In realtà si potrebbe parlare di due tesori.
Uno è quello, ormai diventato notissimo, di mille monete ed altri oggetti d’oro, che ha fatto balzare Como alla ribalta dell’attenzione europea e non solo; ma ha fatto dimenticare l’altro, di valore inestimabile. Inestimabile nel vero senso della parola, perché non può essere quantificato e monetizzato. Si tratta della mole di dati che accompagnano il tesoro, che costituiscono uno rarità assoluta. Le cronache riferiscono con frequenza di rinvenimenti di migliaia di monete, venute alla luce in modo del tutto casuale, durate lavori agricoli o edili, oppure scoperte con metaldetector o altri strumenti da improvvisati “archeologi”, impegnati in una “caccia al tesoro” di infantile memoria, che qualche volta, appunto, raggiunge lo sciagurato obbiettivo. In questi casi i rinvenimenti sono gravemente compromessi, perché viene distrutto il contesto di giacitura, non si è certi dell’integrità del gruzzolo (se qualche moneta è stata sottratta o andata persa) e della sua disposizione.
Quattro fasi
Tutto questo non si è verificato per il tesoro rinvenuto a Como in via Diaz nel 2018, che è stato oggetto dell’attenzione di professionisti, già dalla sua comparsa e per tutto il complesso percorso di studio, che potremmo scaglionare in quattro fasi.

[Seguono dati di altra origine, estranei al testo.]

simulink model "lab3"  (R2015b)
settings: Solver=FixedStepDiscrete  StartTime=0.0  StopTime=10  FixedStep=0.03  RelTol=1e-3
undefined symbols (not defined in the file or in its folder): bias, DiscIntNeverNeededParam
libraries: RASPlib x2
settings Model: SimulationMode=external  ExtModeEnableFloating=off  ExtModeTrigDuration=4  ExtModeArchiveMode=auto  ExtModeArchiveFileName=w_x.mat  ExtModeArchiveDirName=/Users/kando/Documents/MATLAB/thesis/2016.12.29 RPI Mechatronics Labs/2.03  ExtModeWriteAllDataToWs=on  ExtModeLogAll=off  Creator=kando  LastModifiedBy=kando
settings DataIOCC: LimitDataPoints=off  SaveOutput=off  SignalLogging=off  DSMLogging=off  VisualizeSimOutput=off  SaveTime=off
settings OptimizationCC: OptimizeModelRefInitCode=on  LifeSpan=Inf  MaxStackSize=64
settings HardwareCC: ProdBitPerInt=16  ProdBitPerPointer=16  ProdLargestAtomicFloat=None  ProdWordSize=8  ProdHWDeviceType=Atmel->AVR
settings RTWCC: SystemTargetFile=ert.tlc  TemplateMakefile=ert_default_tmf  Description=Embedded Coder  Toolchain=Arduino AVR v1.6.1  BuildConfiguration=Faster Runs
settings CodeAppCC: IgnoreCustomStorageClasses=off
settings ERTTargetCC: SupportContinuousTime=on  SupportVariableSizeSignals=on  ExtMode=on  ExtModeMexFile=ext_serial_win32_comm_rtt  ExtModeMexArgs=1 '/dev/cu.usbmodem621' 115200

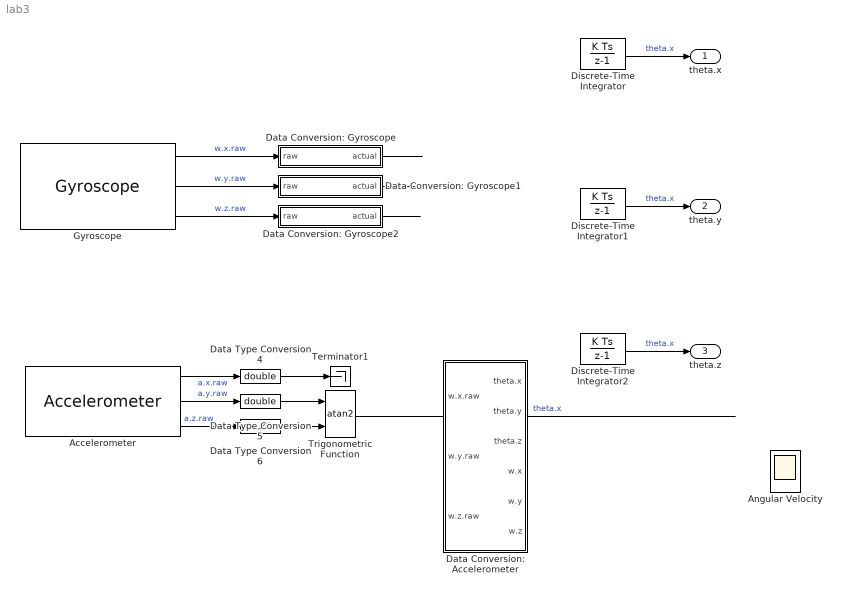
== system lab3 ==
  Accelerometer : RASPlib/Accelerometer  SimulateUsing=Code generation
  Angular Velocity : Scope
  Data Conversion: Accelerometer : Subsystem
  Data Conversion: Gyroscope : Subsystem
  Data Conversion: Gyroscope1 : Subsystem
  Data Conversion: Gyroscope2 : Subsystem
  Data Type Conversion4 : DataTypeConversion  OutDataTypeStr=double
  Data Type Conversion5 : DataTypeConversion  OutDataTypeStr=double
  Data Type Conversion6 : DataTypeConversion  OutDataTypeStr=double
  Discrete-Time Integrator : DiscreteIntegrator  ExternalReset=either  InitialConditionSetting=State (most efficient)  ICPrevOutput=DiscIntNeverNeededParam  ICPrevScaledInput=DiscIntNeverNeededParam
  Discrete-Time Integrator1 : DiscreteIntegrator  ExternalReset=either  InitialConditionSetting=State (most efficient)  ICPrevOutput=DiscIntNeverNeededParam  ICPrevScaledInput=DiscIntNeverNeededParam
  Discrete-Time Integrator2 : DiscreteIntegrator  ExternalReset=either  InitialConditionSetting=State (most efficient)  ICPrevOutput=DiscIntNeverNeededParam  ICPrevScaledInput=DiscIntNeverNeededParam
  Gyroscope : RASPlib/Gyroscope  DLPFmode=0
  Terminator1 : Terminator
  Trigonometric Function : Trigonometry  Operator=atan2
  theta.x : Outport
  theta.y : Outport  Port=2
  theta.z : Outport  Port=3
  wires:
  Gyroscope/1 -> Data Conversion: Gyroscope/1(raw)  "w.x.raw"
  Gyroscope/3 -> Data Conversion: Gyroscope2/1(raw)  "w.z.raw"
  Gyroscope/2 -> Data Conversion: Gyroscope1/1(raw)  "w.y.raw"
  Accelerometer/1 -> Data Type Conversion4/1  "a.x.raw"
  Accelerometer/3 -> Data Type Conversion6/1  "a.z.raw"
  Accelerometer/2 -> Data Type Conversion5/1  "a.y.raw"
  Trigonometric Function/1 -> ?  "theta.x"
  Data Type Conversion5/1 -> Trigonometric Function/1
  Data Type Conversion6/1 -> Trigonometric Function/2
  Data Type Conversion4/1 -> Terminator1/1
  Data Conversion: Gyroscope1/1(actual) -> ?
  Data Conversion: Gyroscope2/1(actual) -> ?
  Data Conversion: Gyroscope/1(actual) -> ?
  Discrete-Time Integrator/1 -> theta.x/1  "theta.x"
  ? -> Discrete-Time Integrator/2
  ? -> Discrete-Time Integrator/1  "w.x"
  Discrete-Time Integrator1/1 -> theta.y/1  "theta.x"
  ? -> Discrete-Time Integrator1/2
  ? -> Discrete-Time Integrator1/1  "w.y"
  Discrete-Time Integrator2/1 -> theta.z/1  "theta.x"
  ? -> Discrete-Time Integrator2/2
  ? -> Discrete-Time Integrator2/1  "w.z"

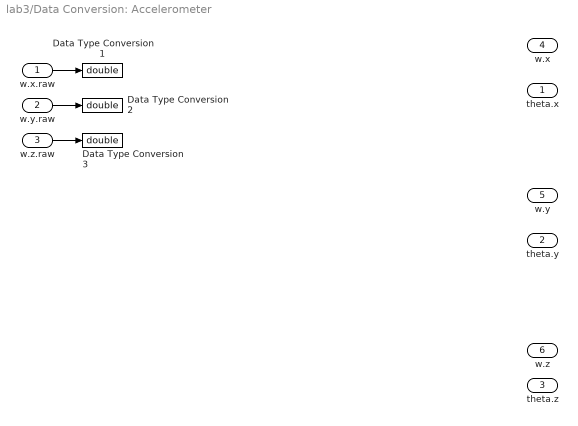
== system lab3/Data Conversion: Accelerometer ==
  w.x.raw : Inport
  w.y.raw : Inport  Port=2
  w.z.raw : Inport  Port=3
  Data Type Conversion1 : DataTypeConversion  OutDataTypeStr=double
  Data Type Conversion2 : DataTypeConversion  OutDataTypeStr=double
  Data Type Conversion3 : DataTypeConversion  OutDataTypeStr=double
  theta.x : Outport
  theta.y : Outport  Port=2
  theta.z : Outport  Port=3
  w.x : Outport  Port=4
  w.y : Outport  Port=5
  w.z : Outport  Port=6
  wires:
  w.z.raw/1 -> Data Type Conversion3/1
  w.y.raw/1 -> Data Type Conversion2/1
  w.x.raw/1 -> Data Type Conversion1/1

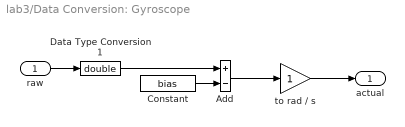
== system lab3/Data Conversion: Gyroscope ==
  raw : Inport
  " to rad / s" : Gain
  Add : Sum  Inputs=+-
  Constant : Constant  Value=bias
  Data Type Conversion1 : DataTypeConversion  OutDataTypeStr=double
  actual : Outport
  wires:
  Add/1 -> " to rad / s"/1
  Constant/1 -> Add/2
  raw/1 -> Data Type Conversion1/1
  Data Type Conversion1/1 -> Add/1
  " to rad / s"/1 -> actual/1

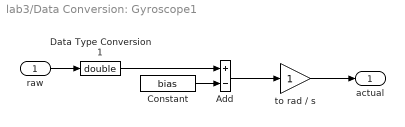
== system lab3/Data Conversion: Gyroscope1 ==
  raw : Inport
  " to rad / s" : Gain
  Add : Sum  Inputs=+-
  Constant : Constant  Value=bias
  Data Type Conversion1 : DataTypeConversion  OutDataTypeStr=double
  actual : Outport
  wires:
  " to rad / s"/1 -> actual/1
  Data Type Conversion1/1 -> Add/1
  raw/1 -> Data Type Conversion1/1
  Constant/1 -> Add/2
  Add/1 -> " to rad / s"/1

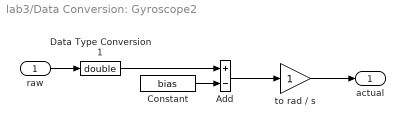
== system lab3/Data Conversion: Gyroscope2 ==
  raw : Inport
  " to rad / s" : Gain
  Add : Sum  Inputs=+-
  Constant : Constant  Value=bias
  Data Type Conversion1 : DataTypeConversion  OutDataTypeStr=double
  actual : Outport
  wires:
  Add/1 -> " to rad / s"/1
  Constant/1 -> Add/2
  raw/1 -> Data Type Conversion1/1
  Data Type Conversion1/1 -> Add/1
  " to rad / s"/1 -> actual/1

Per quanto riguarda la prima fase, è di assoluto rilievo il fatto che esso fu scavato da archeologi professionisti (sotto la direzione scientifica di Barbara Grassi, funzionaria della Soprintendenza), durante un intervento di indagine previsto per siti sensibili, e questo ha consentito di documentare la scoperta (foto e rilievi) e di raccogliere tutte le informazioni possibili riguardo al contesto: in sintesi era stato celato in epoca tardoantica in un vano di una struttura che si sviluppava attorno ad un’area aperta, che ebbe lunga vita.
La seconda fase riguarda il microscavo avvenuto nel laboratorio di restauro della Soprintendenza a Milano, anche questo condotto da professionisti che hanno numerato ogni moneta, rilevato e fotografato la posizione all’interno del contenitore e nelle “pile”, poiché le monete erano disposte in file contenute in “involucri” di materiali non conservatisi. Sappiamo cioè di quali e quante monete era composta ogni pila, e la datazione.
La terza fase è lo studio: ed anche in questo ambito si è sviscerato ogni possibile aspetto del rinvenimento.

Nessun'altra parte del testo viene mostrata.